Tödliche Dosis ab 200 Gramm Schokolade

Zu viel Schokolade kann für Hunde tödlich sein. Diese Warnung hat die britische Hundeinteressengruppe "National Canine Defence League" (NCDL) rechtzeitig vor Ostern gegeben. Der Schokoladeninhaltsstoff «Theobromin» sei für Menschen harmlos (er bewirkt u.A. die beruhigende Wirkung, Anm. TSL), ab 200 Gramm Schokolade aber für Hunde (für mittere Grösse 25-30 kg, Anm. TSL) potentiell tödlich.

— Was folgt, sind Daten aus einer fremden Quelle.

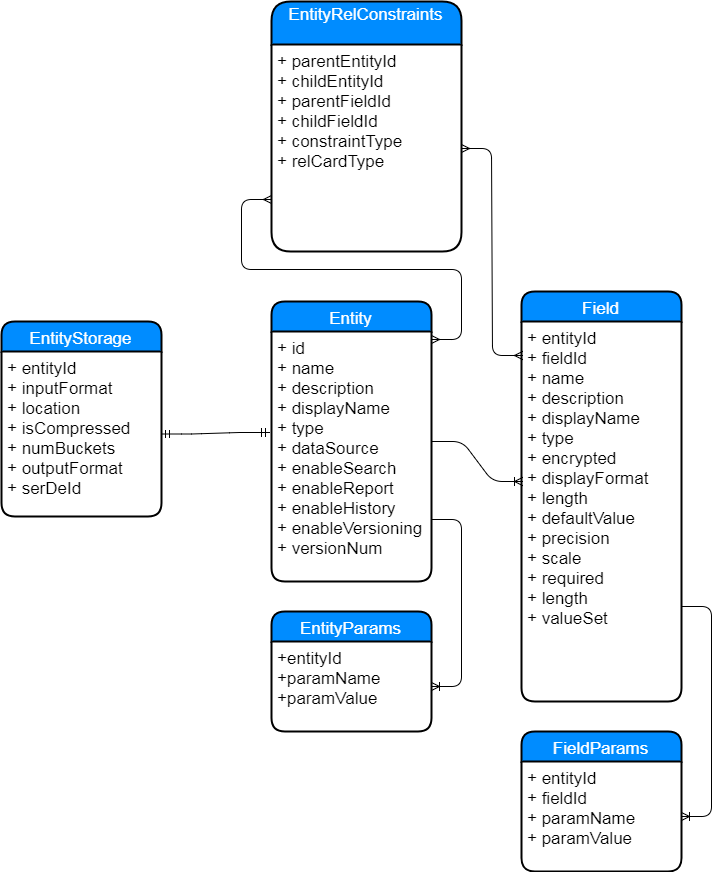

The diagram above was exported from draw.io. Its source (the exported page's mxGraphModel, read from the mxfile embedded in the PNG):
<mxGraphModel dx="1693" dy="1626" grid="1" gridSize="10" guides="1" tooltips="1" connect="1" arrows="1" fold="1" page="1" pageScale="1" pageWidth="827" pageHeight="1169" background="#ffffff" math="0" shadow="0">
  <root>
    <mxCell id="0" />
    <mxCell id="1" parent="0" />
    <mxCell id="2" value="Entity" style="swimlane;childLayout=stackLayout;horizontal=1;startSize=30;horizontalStack=0;fillColor=#008cff;fontColor=#FFFFFF;rounded=1;fontSize=17;fontStyle=0;strokeWidth=2;resizeParent=0;resizeLast=1;shadow=0;dashed=0;align=center;" vertex="1" parent="1">
      <mxGeometry x="270" y="80" width="160" height="280" as="geometry" />
    </mxCell>
    <mxCell id="3" value="+ id&#10;+ name&#10;+ description&#10;+ displayName&#10;+ type&#10;+ dataSource&#10;+ enableSearch&#10;+ enableReport&#10;+ enableHistory&#10;+ enableVersioning&#10;+ versionNum" style="align=left;strokeColor=none;fillColor=none;spacingLeft=4;fontSize=17;verticalAlign=top;resizable=0;rotatable=0;part=1;" vertex="1" parent="2">
      <mxGeometry y="30" width="160" height="250" as="geometry" />
    </mxCell>
    <mxCell id="8" value="" style="edgeStyle=entityRelationEdgeStyle;html=1;endArrow=ERoneToMany;entryX=0.006;entryY=0.421;entryPerimeter=0;exitX=1.006;exitY=0.44;exitPerimeter=0;" edge="1" parent="1" source="3" target="7">
      <mxGeometry width="100" height="100" relative="1" as="geometry">
        <mxPoint x="370" y="220" as="sourcePoint" />
        <mxPoint x="487" y="220" as="targetPoint" />
      </mxGeometry>
    </mxCell>
    <mxCell id="12" value="EntityParams" style="swimlane;childLayout=stackLayout;horizontal=1;startSize=30;horizontalStack=0;fillColor=#008cff;fontColor=#FFFFFF;rounded=1;fontSize=17;fontStyle=0;strokeWidth=2;resizeParent=0;resizeLast=1;shadow=0;dashed=0;align=center;" vertex="1" parent="1">
      <mxGeometry x="270" y="390" width="160" height="120" as="geometry" />
    </mxCell>
    <mxCell id="13" value="+entityId&#10;+paramName&#10;+paramValue" style="align=left;strokeColor=none;fillColor=none;spacingLeft=4;fontSize=17;verticalAlign=top;resizable=0;rotatable=0;part=1;" vertex="1" parent="12">
      <mxGeometry y="30" width="160" height="90" as="geometry" />
    </mxCell>
    <mxCell id="16" value="" style="edgeStyle=entityRelationEdgeStyle;html=1;endArrow=ERoneToMany;exitX=1;exitY=0.75;" edge="1" parent="1" source="3" target="13">
      <mxGeometry width="100" height="100" relative="1" as="geometry">
        <mxPoint x="330" y="350" as="sourcePoint" />
        <mxPoint x="290" y="350" as="targetPoint" />
      </mxGeometry>
    </mxCell>
    <mxCell id="22" value="FieldParams" style="swimlane;childLayout=stackLayout;horizontal=1;startSize=30;horizontalStack=0;fillColor=#008cff;fontColor=#FFFFFF;rounded=1;fontSize=17;fontStyle=0;strokeWidth=2;resizeParent=0;resizeLast=1;shadow=0;dashed=0;align=center;" vertex="1" parent="1">
      <mxGeometry x="520" y="510" width="160" height="140" as="geometry" />
    </mxCell>
    <mxCell id="23" value="+ entityId &#10;+ fieldId&#10;+ paramName&#10;+ paramValue" style="align=left;strokeColor=none;fillColor=none;spacingLeft=4;fontSize=17;verticalAlign=top;resizable=0;rotatable=0;part=1;" vertex="1" parent="22">
      <mxGeometry y="30" width="160" height="110" as="geometry" />
    </mxCell>
    <mxCell id="25" value="" style="edgeStyle=entityRelationEdgeStyle;html=1;endArrow=ERoneToMany;exitX=1;exitY=0.75;" edge="1" parent="1" source="7" target="23">
      <mxGeometry width="100" height="100" relative="1" as="geometry">
        <mxPoint x="420" y="560" as="sourcePoint" />
        <mxPoint x="440" y="570" as="targetPoint" />
      </mxGeometry>
    </mxCell>
    <mxCell id="6" value="Field" style="swimlane;childLayout=stackLayout;horizontal=1;startSize=30;horizontalStack=0;fillColor=#008cff;fontColor=#FFFFFF;rounded=1;fontSize=17;fontStyle=0;strokeWidth=2;resizeParent=0;resizeLast=1;shadow=0;dashed=0;align=center;" vertex="1" parent="1">
      <mxGeometry x="520" y="70" width="160" height="410" as="geometry" />
    </mxCell>
    <mxCell id="7" value="+ entityId&#10;+ fieldId&#10;+ name&#10;+ description&#10;+ displayName&#10;+ type&#10;+ encrypted&#10;+ displayFormat&#10;+ length&#10;+ defaultValue&#10;+ precision&#10;+ scale&#10;+ required&#10;+ length&#10;+ valueSet&#10;" style="align=left;strokeColor=none;fillColor=none;spacingLeft=4;fontSize=17;verticalAlign=top;resizable=0;rotatable=0;part=1;" vertex="1" parent="6">
      <mxGeometry y="30" width="160" height="380" as="geometry" />
    </mxCell>
    <mxCell id="30" value="" style="edgeStyle=entityRelationEdgeStyle;html=1;endArrow=ERmandOne;startArrow=ERmandOne;entryX=-0.012;entryY=0.404;entryPerimeter=0;" edge="1" parent="1" source="27" target="3">
      <mxGeometry width="100" height="100" relative="1" as="geometry">
        <mxPoint x="190" y="300" as="sourcePoint" />
        <mxPoint x="290" y="200" as="targetPoint" />
      </mxGeometry>
    </mxCell>
    <mxCell id="26" value="EntityStorage" style="swimlane;childLayout=stackLayout;horizontal=1;startSize=30;horizontalStack=0;fillColor=#008cff;fontColor=#FFFFFF;rounded=1;fontSize=17;fontStyle=0;strokeWidth=2;resizeParent=0;resizeLast=1;shadow=0;dashed=0;align=center;" vertex="1" parent="1">
      <mxGeometry y="100" width="160" height="195" as="geometry" />
    </mxCell>
    <mxCell id="27" value="+ entityId&#10;+ inputFormat&#10;+ location&#10;+ isCompressed&#10;+ numBuckets&#10;+ outputFormat&#10;+ serDeId" style="align=left;strokeColor=none;fillColor=none;spacingLeft=4;fontSize=17;verticalAlign=top;resizable=0;rotatable=0;part=1;" vertex="1" parent="26">
      <mxGeometry y="30" width="160" height="165" as="geometry" />
    </mxCell>
    <mxCell id="31" value="EntityRelConstraints&#10;" style="swimlane;childLayout=stackLayout;horizontal=1;startSize=43;horizontalStack=0;fillColor=#008cff;fontColor=#FFFFFF;rounded=1;fontSize=17;fontStyle=0;strokeWidth=2;resizeParent=0;resizeLast=1;shadow=0;dashed=0;align=center;" vertex="1" parent="1">
      <mxGeometry x="270" y="-220" width="190" height="250" as="geometry" />
    </mxCell>
    <mxCell id="32" value="+ parentEntityId&#10;+ childEntityId&#10;+ parentFieldId&#10;+ childFieldId&#10;+ constraintType&#10;+ relCardType" style="align=left;strokeColor=none;fillColor=none;spacingLeft=4;fontSize=17;verticalAlign=top;resizable=0;rotatable=0;part=1;" vertex="1" parent="31">
      <mxGeometry y="43" width="190" height="207" as="geometry" />
    </mxCell>
    <mxCell id="33" value="" style="edgeStyle=entityRelationEdgeStyle;html=1;endArrow=ERmany;startArrow=ERmany;entryX=0;entryY=0.75;" edge="1" parent="1" target="32">
      <mxGeometry width="100" height="100" relative="1" as="geometry">
        <mxPoint x="430" y="118" as="sourcePoint" />
        <mxPoint x="500" y="-120" as="targetPoint" />
      </mxGeometry>
    </mxCell>
    <mxCell id="35" value="" style="edgeStyle=entityRelationEdgeStyle;html=1;endArrow=ERmany;startArrow=ERmany;entryX=0.006;entryY=0.089;entryPerimeter=0;exitX=1;exitY=0.5;" edge="1" parent="1" source="32" target="7">
      <mxGeometry width="100" height="100" relative="1" as="geometry">
        <mxPoint x="460" y="30" as="sourcePoint" />
        <mxPoint x="509" y="152" as="targetPoint" />
      </mxGeometry>
    </mxCell>
  </root>
</mxGraphModel>

Leider liebten viele Hunde Schokolade und bettelten darum, so NCDL-Sprecherin Deana Selby. Wir hören aber auch von Fällen, wo der Hund Schoko-Osterhasen bekommt, damit er sich nicht übergangen fühlt. Viele Hundebesitzer wüssten nicht, dass Schokolade so gefährlich sein könnte. Die NCDL rät Hundebesitzern, Ersatz-Schokolade-Produkte, speziell für Hunde gemacht, zu kaufen.
Schokolade sollte darüber hinaus ausserhalb der Reichweite des Hundes aufbewahrt werden.

Je mehr Kakao die Schokolade enthält, desto gefährlicher sei es, so die NCDL. (Kakao=Kakaobutter, je teurer die Schokolade, desto mehr enthält sie in D, in der CH dürfen keine Ersatzfette verwendet werden, es ist daher alles Fett aus Kakaobutter, Anm. TSL)

Wessen Hund, nach Schokoladegenuss, sich erbricht, an Durchfall leidet, plötzlich enormen Durst hat oder zu zucken anfängt, solle den Tierarzt sofort aufsuchen.

(Quelle NCDL UK)

Wenn der Hund alt wird

Medizinische Ratschläge, welche Tierärzte den Tierbesitzern von alternden Tieren anbieten gleichen den Vorsorgeprogrammen für Menschen - Gewichtskontrolle, körperliche Betätigung, regelmässige Untersuchungen zum frühzeitigen Aufspüren von altersbedingten Krankheiten.

Die meisten Experten sind sich einig, dass Katzen und Hunde heute länger leben, jedoch herrscht Uneinigkeit darüber, um wieviele Jahre effektiv sich das Leben unserer Haustiere hat verlängern lassen.


Tierbesitzer stellen bei ihren älter werdenden Tieren verschiedene körperliche Anzeichen fest, darunter Gewichtszunahme, dünneres Fell mit einer zunehmenden Graufärbung, übler Mundgeruch, Verhaltensänderungen, Arthrose, Gehörverlust und Sehschwäche, Harnabsatz an unerwünschten Orten und andere.

Beschwerden, welche nicht so leicht zu beobachten sind, sind potentiell fatal, solange sie unentdeckt und unbehandelt bleiben. Krebsleiden oder Geschwulstkrankheiten sind die mit Abstand führende krankheitsbedingte Todesursache unserer Vierbeiner. Andere häufige Beschwerden bei alten Hunden und Katzen sind Nierenschwäche, Zahnprobleme und Herzerkrankungen.